■ WHAT TO DO ■
In the records below, find the line that contains "#47=CARTESIAN_POINT('',(0.,216.265143746076,0.));" and the line that contains "#62=FACE_BOUND('',#61,.T.);", then retype exactly those two lines and every line between them.

■ SOURCE DATA ■
----

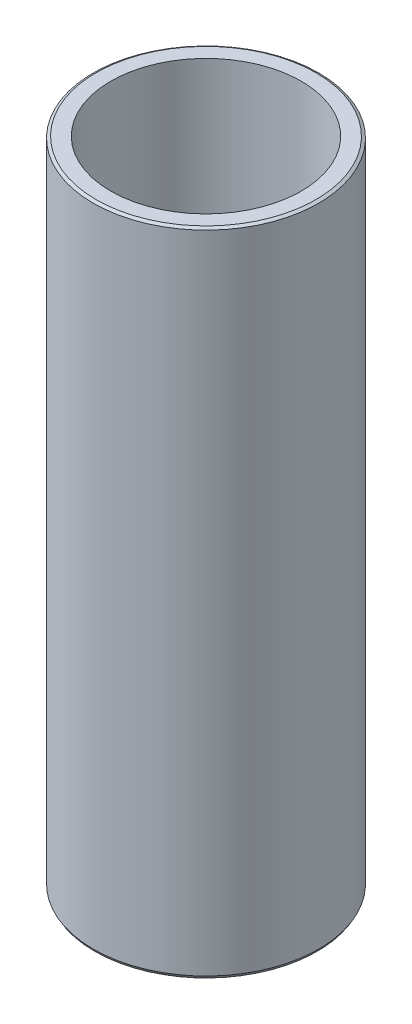
ISO-10303-21;
HEADER;
FILE_DESCRIPTION(('STEP AP214'),'2;1');
FILE_NAME('part.step','',(''),(''),'','','');
FILE_SCHEMA(('AUTOMOTIVE_DESIGN { 1 0 10303 214 1 1 1 1 }'));
ENDSEC;
DATA;
#1=APPLICATION_CONTEXT('core data for automotive mechanical design processes');
#2=APPLICATION_PROTOCOL_DEFINITION('international standard','automotive_design',2000,#1);
#3=PRODUCT_CONTEXT('',#1,'mechanical');
#4=PRODUCT('Part','Part','',(#3));
#5=PRODUCT_RELATED_PRODUCT_CATEGORY('part','',(#4));
#6=PRODUCT_DEFINITION_FORMATION('','',#4);
#7=PRODUCT_DEFINITION_CONTEXT('part definition',#1,'design');
#8=PRODUCT_DEFINITION('design','',#6,#7);
#9=PRODUCT_DEFINITION_SHAPE('','',#8);
#10=(LENGTH_UNIT() NAMED_UNIT(*) SI_UNIT(.MILLI.,.METRE.));
#11=(NAMED_UNIT(*) PLANE_ANGLE_UNIT() SI_UNIT($,.RADIAN.));
#12=(NAMED_UNIT(*) SI_UNIT($,.STERADIAN.) SOLID_ANGLE_UNIT());
#13=UNCERTAINTY_MEASURE_WITH_UNIT(LENGTH_MEASURE(1.E-05),#10,'distance_accuracy_value','');
#14=(GEOMETRIC_REPRESENTATION_CONTEXT(3) GLOBAL_UNCERTAINTY_ASSIGNED_CONTEXT((#13)) GLOBAL_UNIT_ASSIGNED_CONTEXT((#10,
#11,#12)) REPRESENTATION_CONTEXT('',''));
#15=CARTESIAN_POINT('',(0.,0.,0.));
#16=DIRECTION('',(0.,0.,1.));
#17=DIRECTION('',(1.,0.,0.));
#18=AXIS2_PLACEMENT_3D('',#15,#16,#17);
#19=CARTESIAN_POINT('',(0.,216.265143746076,0.));
#20=DIRECTION('',(0.,-1.,0.));
#21=DIRECTION('',(0.,0.,-1.));
#22=AXIS2_PLACEMENT_3D('',#19,#20,#21);
#23=CYLINDRICAL_SURFACE('',#22,37.5);
#24=CARTESIAN_POINT('',(0.,215.717458462048,0.));
#25=DIRECTION('',(0.,1.,0.));
#26=DIRECTION('',(0.,0.,1.));
#27=AXIS2_PLACEMENT_3D('',#24,#25,#26);
#28=CIRCLE('',#27,37.5);
#29=CARTESIAN_POINT('',(0.,215.717458462048,37.5));
#30=VERTEX_POINT('',#29);
#31=EDGE_CURVE('E50',#30,#30,#28,.F.);
#32=ORIENTED_EDGE('',*,*,#31,.T.);
#33=EDGE_LOOP('',(#32));
#34=FACE_BOUND('',#33,.T.);
#35=CARTESIAN_POINT('',(0.,0.94861873849314,0.));
#36=DIRECTION('',(0.,1.,0.));
#37=DIRECTION('',(0.,0.,1.));
#38=AXIS2_PLACEMENT_3D('',#35,#36,#37);
#39=CIRCLE('',#38,37.5);
#40=CARTESIAN_POINT('',(0.,0.94861873849314,37.5));
#41=VERTEX_POINT('',#40);
#42=EDGE_CURVE('E51',#41,#41,#39,.T.);
#43=ORIENTED_EDGE('',*,*,#42,.T.);
#44=EDGE_LOOP('',(#43));
#45=FACE_BOUND('',#44,.T.);
#46=ADVANCED_FACE('F39',(#34,#45),#23,.T.);
#47=CARTESIAN_POINT('',(0.,216.265143746076,0.));
#48=DIRECTION('',(0.,1.,0.));
#49=DIRECTION('',(0.,0.,1.));
#50=AXIS2_PLACEMENT_3D('',#47,#48,#49);
#51=PLANE('',#50);
#52=CARTESIAN_POINT('',(0.,216.265143746076,0.));
#53=DIRECTION('',(0.,1.,0.));
#54=DIRECTION('',(0.,0.,1.));
#55=AXIS2_PLACEMENT_3D('',#52,#53,#54);
#56=CIRCLE('',#55,36.5513812615069);
#57=CARTESIAN_POINT('',(0.,216.265143746076,36.5513812615069));
#58=VERTEX_POINT('',#57);
#59=EDGE_CURVE('E54',#58,#58,#56,.T.);
#60=ORIENTED_EDGE('',*,*,#59,.T.);
#61=EDGE_LOOP('',(#60));
#62=FACE_BOUND('',#61,.T.);
#63=CARTESIAN_POINT('',(0.,216.265143746076,0.));
#64=DIRECTION('',(0.,1.,0.));
#65=DIRECTION('',(0.,0.,1.));
#66=AXIS2_PLACEMENT_3D('',#63,#64,#65);
#67=CIRCLE('',#66,31.6721351151343);
#68=CARTESIAN_POINT('',(0.,216.265143746076,31.6721351151343));
#69=VERTEX_POINT('',#68);
#70=EDGE_CURVE('E58',#69,#69,#67,.T.);
#71=ORIENTED_EDGE('',*,*,#70,.F.);
#72=EDGE_LOOP('',(#71));
#73=FACE_BOUND('',#72,.T.);
#74=ADVANCED_FACE('F69',(#62,#73),#51,.T.);
#75=CARTESIAN_POINT('',(0.,0.,0.));
#76=DIRECTION('',(0.,1.,0.));
#77=DIRECTION('',(0.,0.,1.));
#78=AXIS2_PLACEMENT_3D('',#75,#76,#77);
#79=PLANE('',#78);
#80=CARTESIAN_POINT('',(0.,0.,0.));
#81=DIRECTION('',(0.,1.,0.));
#82=DIRECTION('',(0.,0.,1.));
#83=AXIS2_PLACEMENT_3D('',#80,#81,#82);
#84=CIRCLE('',#83,36.9523147159727);
#85=CARTESIAN_POINT('',(0.,0.,36.9523147159727));
#86=VERTEX_POINT('',#85);
#87=EDGE_CURVE('E10',#86,#86,#84,.F.);
#88=ORIENTED_EDGE('',*,*,#87,.T.);
#89=EDGE_LOOP('',(#88));
#90=FACE_BOUND('',#89,.T.);
#91=CARTESIAN_POINT('',(0.,0.,0.));
#92=DIRECTION('',(0.,1.,0.));
#93=DIRECTION('',(0.,0.,1.));
#94=AXIS2_PLACEMENT_3D('',#91,#92,#93);
#95=CIRCLE('',#94,31.6721351151343);
#96=CARTESIAN_POINT('',(0.,0.,31.6721351151343));
#97=VERTEX_POINT('',#96);
#98=EDGE_CURVE('E63',#97,#97,#95,.T.);
#99=ORIENTED_EDGE('',*,*,#98,.T.);
#100=EDGE_LOOP('',(#99));
#101=FACE_BOUND('',#100,.T.);
#102=ADVANCED_FACE('F75',(#90,#101),#79,.F.);
#103=CARTESIAN_POINT('',(0.,216.265143746076,0.));
#104=DIRECTION('',(0.,-1.,0.));
#105=DIRECTION('',(0.,0.,-1.));
#106=AXIS2_PLACEMENT_3D('',#103,#104,#105);
#107=CYLINDRICAL_SURFACE('',#106,31.6721351151343);
#108=ORIENTED_EDGE('',*,*,#70,.T.);
#109=EDGE_LOOP('',(#108));
#110=FACE_BOUND('',#109,.T.);
#111=ORIENTED_EDGE('',*,*,#98,.F.);
#112=EDGE_LOOP('',(#111));
#113=FACE_BOUND('',#112,.T.);
#114=ADVANCED_FACE('F70',(#110,#113),#107,.F.);
#115=CARTESIAN_POINT('',(0.,216.265143746076,0.));
#116=DIRECTION('',(0.,-1.,0.));
#117=DIRECTION('',(0.,0.,-1.));
#118=AXIS2_PLACEMENT_3D('',#115,#116,#117);
#119=CONICAL_SURFACE('',#118,36.5513812615069,1.04719755119659);
#120=ORIENTED_EDGE('',*,*,#31,.F.);
#121=EDGE_LOOP('',(#120));
#122=FACE_BOUND('',#121,.T.);
#123=ORIENTED_EDGE('',*,*,#59,.F.);
#124=EDGE_LOOP('',(#123));
#125=FACE_BOUND('',#124,.T.);
#126=ADVANCED_FACE('F81',(#122,#125),#119,.T.);
#127=CARTESIAN_POINT('',(0.,0.94861873849314,0.));
#128=DIRECTION('',(0.,1.,0.));
#129=DIRECTION('',(0.,0.,1.));
#130=AXIS2_PLACEMENT_3D('',#127,#128,#129);
#131=CONICAL_SURFACE('',#130,37.5,0.523598775598297);
#132=ORIENTED_EDGE('',*,*,#87,.F.);
#133=EDGE_LOOP('',(#132));
#134=FACE_BOUND('',#133,.T.);
#135=ORIENTED_EDGE('',*,*,#42,.F.);
#136=EDGE_LOOP('',(#135));
#137=FACE_BOUND('',#136,.T.);
#138=ADVANCED_FACE('F45',(#134,#137),#131,.T.);
#139=CLOSED_SHELL('',(#46,#74,#102,#114,#126,#138));
#140=MANIFOLD_SOLID_BREP('B2',#139);
#141=ADVANCED_BREP_SHAPE_REPRESENTATION('',(#18,#140),#14);
#142=SHAPE_DEFINITION_REPRESENTATION(#9,#141);
ENDSEC;
END-ISO-10303-21;

----

■ TASK ANSWER ■
#47=CARTESIAN_POINT('',(0.,216.265143746076,0.));
#48=DIRECTION('',(0.,1.,0.));
#49=DIRECTION('',(0.,0.,1.));
#50=AXIS2_PLACEMENT_3D('',#47,#48,#49);
#51=PLANE('',#50);
#52=CARTESIAN_POINT('',(0.,216.265143746076,0.));
#53=DIRECTION('',(0.,1.,0.));
#54=DIRECTION('',(0.,0.,1.));
#55=AXIS2_PLACEMENT_3D('',#52,#53,#54);
#56=CIRCLE('',#55,36.5513812615069);
#57=CARTESIAN_POINT('',(0.,216.265143746076,36.5513812615069));
#58=VERTEX_POINT('',#57);
#59=EDGE_CURVE('E54',#58,#58,#56,.T.);
#60=ORIENTED_EDGE('',*,*,#59,.T.);
#61=EDGE_LOOP('',(#60));
#62=FACE_BOUND('',#61,.T.);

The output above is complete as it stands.